- INPUT
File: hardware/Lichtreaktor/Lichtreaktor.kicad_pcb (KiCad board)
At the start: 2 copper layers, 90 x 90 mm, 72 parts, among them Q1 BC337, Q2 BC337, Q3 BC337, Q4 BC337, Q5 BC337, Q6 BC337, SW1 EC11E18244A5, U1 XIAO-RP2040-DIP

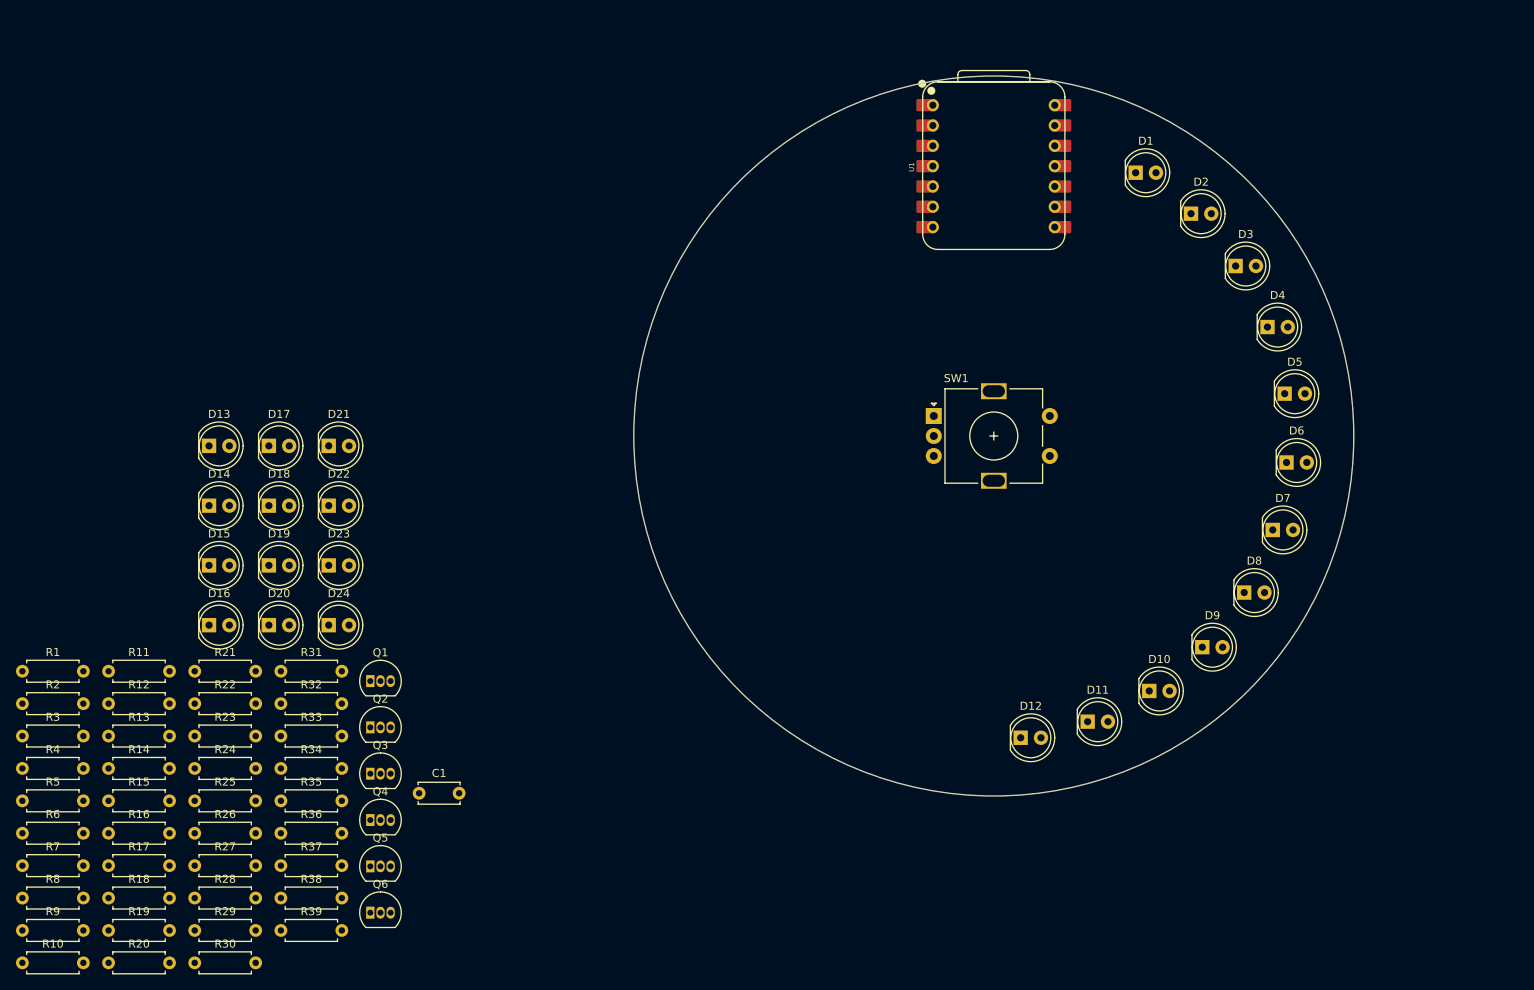
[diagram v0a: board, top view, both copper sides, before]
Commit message: Complete PCB routing and ground pours, update project README
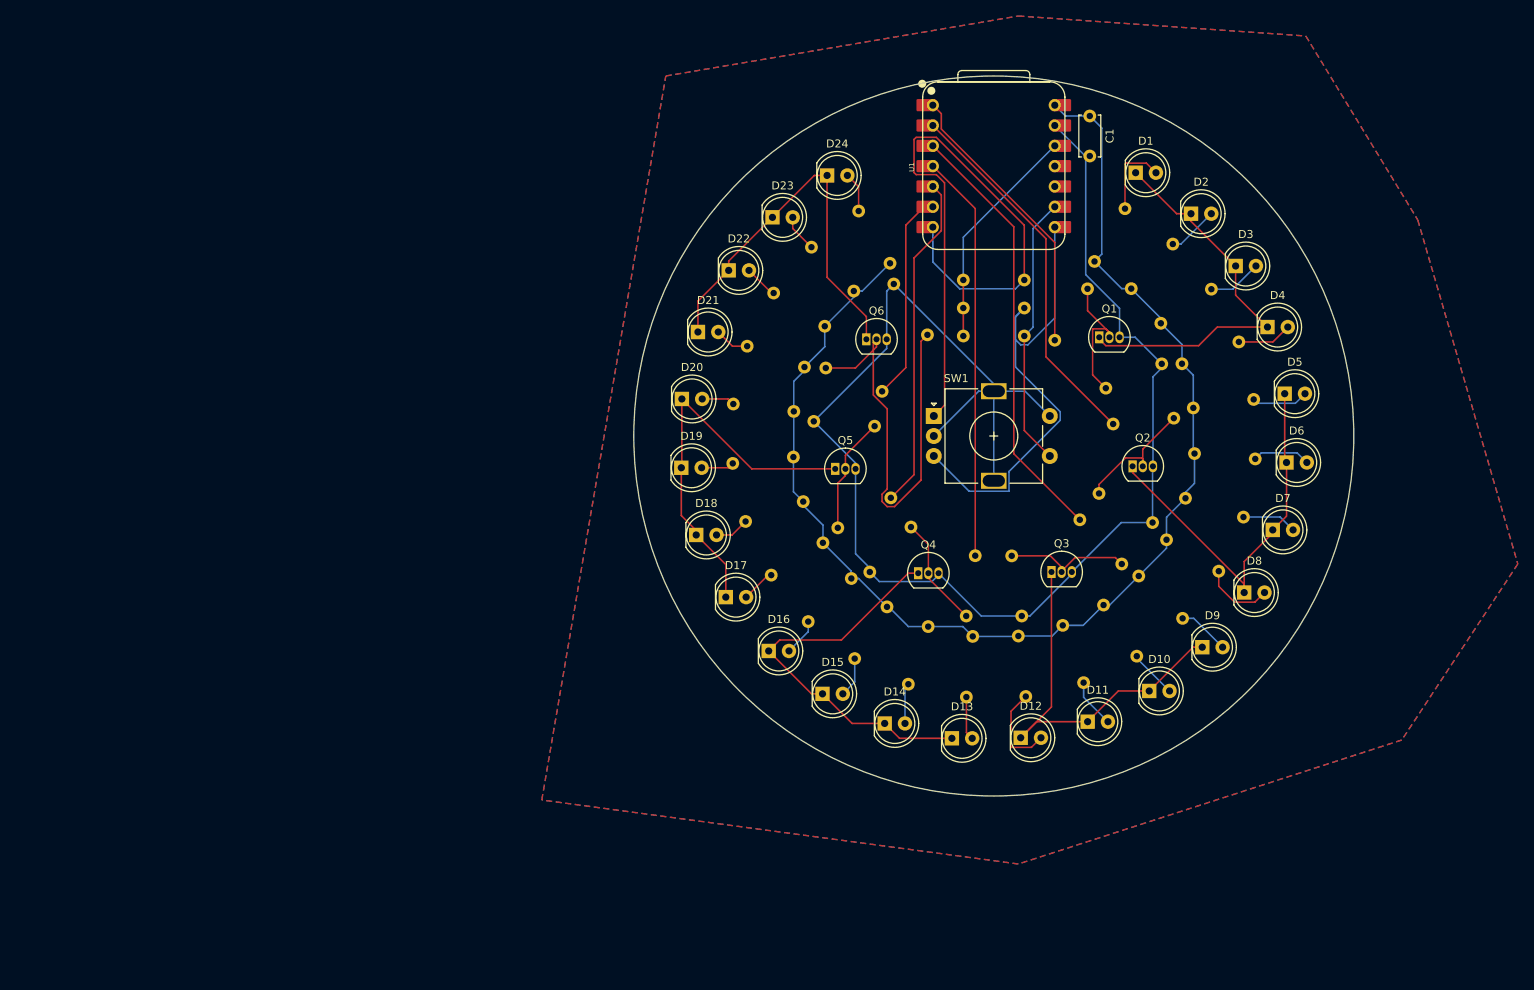
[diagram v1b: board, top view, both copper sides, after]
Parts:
- R1, R10, R11, R12, R13, R14, R15, R16, R17, R18, R19, R2, R20, R21, R22, R23, R24, R25, R26, R27, R28, R29, R3, R30, R31, R32, R33, R34, R35, R36, R37, R38, R39, R4, R5, R6, R7, R8, R9: moved to B.Cu
- moved R7 157.2 mm to (209.9, 61.5), turned to 8 degrees
- moved R8 156.7 mm to (210.1, 67.2), turned to -5 degrees
- moved R10 156.6 mm to (209.0, 72.8), turned to -18 degrees
- moved R4 153.5 mm to (208.5, 56.0), turned to 21 degrees
- moved R3 151.4 mm to (205.9, 50.9), turned to 34 degrees
- moved R9 150.3 mm to (199.9, 63.5), turned to 5.5 degrees
- moved R2 148.0 mm to (202.2, 46.6), turned to 47 degrees
- moved R6 146.4 mm to (199.0, 59.0), turned to 23.5 degrees
- moved R1 143.5 mm to (197.6, 43.2), turned to 60 degrees
- moved R5 141.3 mm to (192.6, 53.0), turned to 57.5 degrees
- moved R12 133.8 mm to (206.6, 78.0), turned to -31 degrees
- moved R13 130.3 mm to (203.1, 82.5), turned to -44 degrees
- moved R15 126.4 mm to (195.8, 75.5), turned to -46.5 degrees
- moved R14 126.0 mm to (198.7, 86.1), turned to -57 degrees
- moved R11 125.8 mm to (198.2, 72.2), turned to -28.5 degrees
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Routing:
- net /GND: track 0.00 -> 192.1 mm
- net /+5V: track 0.00 -> 162.3 mm
- net /ENC_A: track 0.00 -> 81.1 mm
- net /ENC_B: track 0.00 -> 62.1 mm
- net /BASE_G6: track 0.00 -> 54.8 mm
- net /PWM_G3: track 0.00 -> 54.4 mm
- net /PWM_G4: track 0.00 -> 50.9 mm
- net /LED_G4: track 0.00 -> 50.1 mm
- net /LED_G5: track 0.00 -> 49.9 mm
- net /LED_G1: track 0.00 -> 49.7 mm
- net /LED_G3: track 0.00 -> 49.7 mm
- net /LED_G6: track 0.00 -> 49.7 mm
- net /LED_G2: track 0.00 -> 48.7 mm
- net /PWM_G2: track 0.00 -> 46.6 mm
- net /PWM_G5: track 0.00 -> 42.0 mm
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- added copper zone on B.Cu, net /GND
- added copper zone on F.Cu, net /GND

- WORK TASK
Within the records above, the line carrying "- net /PWM_G5: track 0.00 -> 42.0 mm" starts the range and the last line ends it. Set down that range exactly.

- SOLUTION TO THIS EXERCISE
- net /PWM_G5: track 0.00 -> 42.0 mm
- added copper zone on B.Cu, net /GND
- added copper zone on F.Cu, net /GND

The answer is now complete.